Detlev Mehlis is out, and Serge Brammertz is in, as the U.N. palm-reading of the Syrian state's ruddy hands continues where the murder of Rafik Hariri had sought to leave off.
Born in 1962, Brammertz acquired degrees in law and criminology (followed by the doctorate, once again in law) and received appointment as National Magistrate in Belgium by age 35. He was made Federal Prosecutor five years later and International Criminal Court Deputy Prosecutor one year after that; this elevation to the adventurous body was greeted with the official announcement that "Belgium will continue to support any and all action which aims, through the ratification of the Statute of Rome by additional countries, to ensure that the International Criminal Court is endowed with universal jurisdiction."
Contrary, perhaps, to our instincts about these things, the latest tap upon Brammertz' shoulder, carried out as it has been by the soured and abashed Kofi Annan, has been greeted by at least some of the relevant Americans. "Bush administration officials reacted warmly to the news," The Washington Post relays, "saying that Brammertz has a reputation as a tough and thorough investigator." The Post goes on to report that said officials "have no objection to supporting a prosecutor recruited from the ICC," pointing out somewhat less warmly that the Court is, for those not keeping track, "an institution the United States has long opposed."

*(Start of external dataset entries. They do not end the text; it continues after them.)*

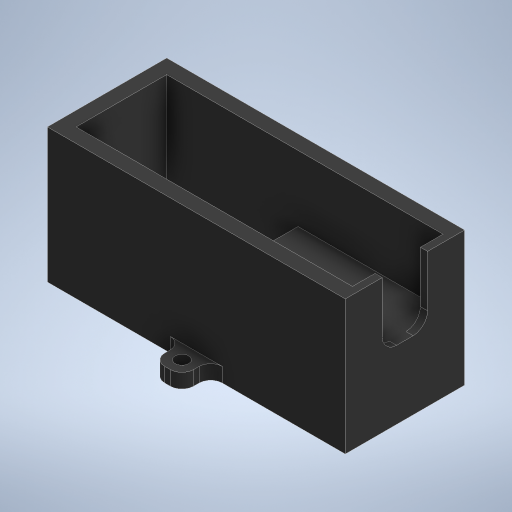
# Autodesk Inventor part: RadioMount
Saved by Autodesk Inventor 2024 (Build 280153000, 153)
## iProperties
Created: 2023-08-23
Part Number: RadioMount
Material: Rubber, Silicone
Document SubType Name: Modeling
Designer: 18179
Density: 1.25 g/cm^3
Appearance: Rubber - Black
Author: 18179
Autodesk Inventor part; units mm, degrees
ref_plane "YZ Plane" through (0, 0, 0) normal (1, 0, 0) x (0, 1, 0)
ref_plane "XZ Plane" through (0, 0, 0) normal (0, 1, 0) x (-1, 0, 0)
ref_plane "XY Plane" through (0, 0, 0) normal (0, 0, 1) x (1, 0, 0)
sketch "Sketch1" plane through (0, 0, 0) normal (0, 0, 1) x (1, 0, 0)
  line L0 (0, 0) -> (32, 0)
  line L1 (32, 0) -> (32, 11.938)
  line L2 (32, 11.938) -> (0, 11.938)
  line L3 (0, 11.938) -> (0, 0)
  line L4 (0, 0) -> (-29, 0)
  line L5 (-29, 0) -> (-29, 11.938)
  line L6 (-29, 11.938) -> (0, 11.938)
  line L7 (0, 11.938) -> (0, 0)
  line L8 (32, 11.938) -> (-9, 11.938)
  line L9 (-9, 11.938) -> (-9, 23.938)
  line L10 (-9, 23.938) -> (32, 23.938)
  line L11 (32, 23.938) -> (32, 11.938)
  line L12 (32, 0) -> (33.6002, 0)
  line L13 (33.6002, 0) -> (33.6002, 23.938)
  line L14 (33.6002, 23.938) -> (32, 23.938)
  line L15 (32, 23.938) -> (32, 0)
  line L16 (33.6002, 0) -> (-29, 0)
  line L17 (-29, 0) -> (-29, -3.175)
  line L18 (-29, -3.175) -> (33.6002, -3.175)
  line L19 (33.6002, -3.175) -> (33.6002, 0)
  line L20 (-29, -3.175) -> (-32.175, -3.175)
  line L21 (-32.175, -3.175) -> (-32.175, 23.938)
  line L22 (-32.175, 23.938) -> (-29, 23.938)
  line L23 (-29, 23.938) -> (-29, -3.175)
  line L24 (-32.175, 23.938) -> (33.6002, 23.938)
  line L25 (33.6002, 23.938) -> (33.6002, 27.113)
  line L26 (33.6002, 27.113) -> (-32.175, 27.113)
  line L27 (-32.175, 27.113) -> (-32.175, 23.938)
  dimension "d0" = 32
  dimension "d1" = 11.938
  dimension "d2" = 29
  dimension "d3" = 41
  dimension "d4" = 12
  dimension "d5" = 1.6002
  dimension "d7" = 3.175
  dimension "d8" = 3.175
  dimension "d9" = 3.175
  constraints: 56 end point, 14 parallel, 7 horizontal, 7 perpendicular, 2 collinear, 1 point on line
  measures "d0" distance of L2.end L1.end
  measures "d1" distance of L0.end L1.end
  measures "d2" distance of L5.end L6.end
  measures "d3" distance of L9.end L10.end
  measures "d4" distance of L8.end L9.end
  measures "d5" distance of L14.end L13.end
  measures "d7" distance of L18.end L12.end
  measures "d8" distance of L21.end L22.end
  measures "d9" distance of L25.end L24.end
extrude "Extrusion1" add sketch "Sketch1" along normal blind 20 contours L3 L2 L1 L0 | L0 L12 L19 L18 L17 L4 | L1 L11 L14 L13 L12 | L17 L20 L21 L22 L23 L5
sketch "Sketch2" plane through (0, 0, 20) normal (0, 0, 1) x (1, 0, 0)
  line L0 (-29, 23.938) -> (-32.175, 23.938) projected
  line L1 (-32.175, -3.175) -> (33.6002, -3.175) projected
  line L2 (-32.175, 23.938) -> (33.6002, 23.938)
  line L3 (33.6002, 23.938) -> (33.6002, -3.175)
  line L4 (33.6002, -3.175) -> (-32.175, -3.175)
  line L5 (-32.175, -3.175) -> (-32.175, 23.938)
  point P0 (0, 0)
  constraints: 8 end point, 2 parallel, 1 horizontal, 1 perpendicular
ref_plane "Work Plane1" through (0, 0, 10) normal (0, 0, 1) x (1, 0, 0)
extrude "Extrusion2" add sketch "Sketch2" along normal blind 3.175
mirror "Mirror1" about plane through (0, 0, 10) normal (0, 0, 1) of "Extrusion2"
sketch "Sketch3" plane through (33.6002, -3.175, 23.175) normal (1, 0, 0) x (0, 0, -1)
  line L0 (23.175, 15.113) -> (3.175, 15.113) projected
  line L1 (23.175, 27.113) -> (3.175, 27.113) projected
  line L2 (13.175, 15.113) -> (8.175, 15.113)
  line L3 (8.175, 15.113) -> (8.175, 27.113)
  line L4 (8.175, 27.113) -> (13.175, 27.113)
  line L5 (13.175, 27.113) -> (13.175, 15.113)
  line L6 (13.175, 27.113) -> (18.175, 27.113)
  line L7 (18.175, 27.113) -> (18.175, 15.113)
  line L8 (18.175, 15.113) -> (13.175, 15.113)
  line L9 (13.175, 15.113) -> (13.175, 27.113)
  point P0 (23.175, 3.175)
  dimension "d15" = 5
  dimension "d16" = 5
  constraints: 16 end point, 4 parallel, 2 horizontal, 2 perpendicular, 2 point on line, 1 midpoint
  measures "d15" distance of L3.end L4.end
  measures "d16" distance of L7.end L8.end
extrude "Extrusion3" cut sketch "Sketch3" against normal blind 3.175
fillet "Fillet1" radius 3.175 2 edges at (32.8001, 11.938, 5) (32.8001, 11.938, 15)
sketch "Sketch4" plane through (-32.175, -3.175, 23.175) normal (0, -1, 0) x (1, 0, 0)
  line L0 (65.7752, -8.175) -> (65.7752, 0) projected
  line L1 (65.7752, -26.35) -> (0, -26.35) projected
  line L2 (65.7752, 0) -> (0, 0)
  line L3 (0, 0) -> (0, -26.35)
  line L4 (0, -26.35) -> (65.7752, -26.35)
  line L5 (65.7752, -26.35) -> (65.7752, 0)
  line L6 (32.8876, 0) -> (36.0626, 0)
  line L7 (36.0626, 0) -> (36.0626, 6.35)
  line L8 (36.0626, 6.35) -> (32.8876, 6.35)
  line L9 (32.8876, 6.35) -> (32.8876, 0)
  line L10 (32.8876, 6.35) -> (29.7126, 6.35)
  line L11 (29.7126, 6.35) -> (29.7126, 0)
  line L12 (29.7126, 0) -> (32.8876, 0)
  line L13 (32.8876, 0) -> (32.8876, 6.35)
  circle A0 centre (32.8876, 3.175) radius 1.5
  line L14 (65.7752, -13.175) -> (55.6443, -13.175)
  line L15 (36.0626, -26.35) -> (36.0626, -32.7)
  line L16 (36.0626, -32.7) -> (32.8876, -32.7)
  line L17 (32.8876, -32.7) -> (29.7126, -32.7)
  line L18 (29.7126, -32.7) -> (29.7126, -26.35)
  circle A1 centre (32.8876, -29.525) radius 1.5
  point P0 (32.175, -23.175)
  dimension "d20" = 3.175
  dimension "d21" = 6.35
  dimension "d22" = 3.175
  dimension "d23" = 3
  constraints: 34 end point, 6 parallel, 6 symmetric about line, 4 horizontal, 3 midpoint, 3 perpendicular, 2 centre point, 1 point on line, 1 other
  measures "d20" distance of L8.end L7.end
  measures "d21" distance of L7.end L6.end
  measures "d22" distance of L12.end L11.end
  measures "d23" diameter of A0
extrude "Extrusion4" add sketch "Sketch4" against normal blind 3.175 contours L2 L9 A0 L8 L7 | L2 L11 L10 L9 A0 | L15 L16 L17 L18 L1
fillet "Fillet2" radius 2.54 8 edges at (-2.4624, -1.5875, 23.175) (-2.4624, -1.5875, 29.525) (3.8876, -1.5875, 29.525) (3.8876, -1.5875, 23.175) (-2.4624, -1.5875, -9.525) (3.8876, -1.5875, -9.525) (3.8876, -1.5875, -3.175) (-2.4624, -1.5875, -3.175)
sketch "Sketch5" plane through (-29, 23.938, 20) normal (0, 1, 0) x (1, 0, 0)
  line L0 (62.6002, 5) -> (61, 5) projected
  line L1 (61, 5) -> (61, 0) projected
  line L2 (61, 0) -> (0, 0) projected
  line L3 (0, 20) -> (0, 0) projected
  line L4 (61, 20) -> (0, 20) projected
  line L5 (61, 20) -> (61, 15) projected
  line L6 (61, 15) -> (62.6002, 15) projected
  line L7 (62.6002, 23.175) -> (62.6002, 15) projected
  line L8 (62.6002, 23.175) -> (-3.175, 23.175) projected
  line L9 (-3.175, 23.175) -> (-3.175, -3.175) projected
  line L10 (62.6002, -3.175) -> (-3.175, -3.175) projected
  line L11 (62.6002, 5) -> (62.6002, -3.175) projected
  point P0 (29, 20)
extrude "Extrusion5" add sketch "Sketch5" along normal blind 2.54
body "Solid1"

What is critical, and what the selection of Brammertz appears not to defeat, is the maintenance of an encircling and contracting wall of inevitability around the Syrian government: Brammertz steps into a role where objections are registered as car bombings and death threats are the norm (courtesy of Strugglers for the Unity and Freedom of the Levant, the thugs who have already shorn the 'threat' element from their treatment of high-profile anti-Syrian journalist MP Gibran Tueni, timed within hours on December 12 to the most recent Mehlis report).
The legacy of Hariri, through the investigation that memorializes his name, is that Syria is literally a case-study stomping grounds for the inexorable and quite nonviolent holding to account of what appears certainly to be a crank bloodnumb regime by the ministers of international law. Rarely do great-power interests overlap and coincide, and then in such a way as to line up with the prerogatives and obligations of the would-be universal criminal justice program. Pinning Bashar Assad and his family of cronies under a glare similar to that now trained on Ante Gotovina keeps international law robust but narrowly tailored, its targets a suitably exclusive rogue's gallery. To the extent that ICC lawyers are hired out personally by the United Nations for independent investigations against enemies of the United States specifically and ordered liberty as a whole, American opposition to the ICC takes on an academic flavor -- feeling more a matter of style than substance.
Of course, the entrenchment of a new, binding, and globe-spanning power of U.N. criminal law is substantial indeed, but in a world where power politics has always been the open secret of legitimate international norms, France, America, the United Nations, and everyone else short of Assad and his brethren stand everything to gain and nothing to lose from the all-for-one support of Brammertz' one-for-all assignment.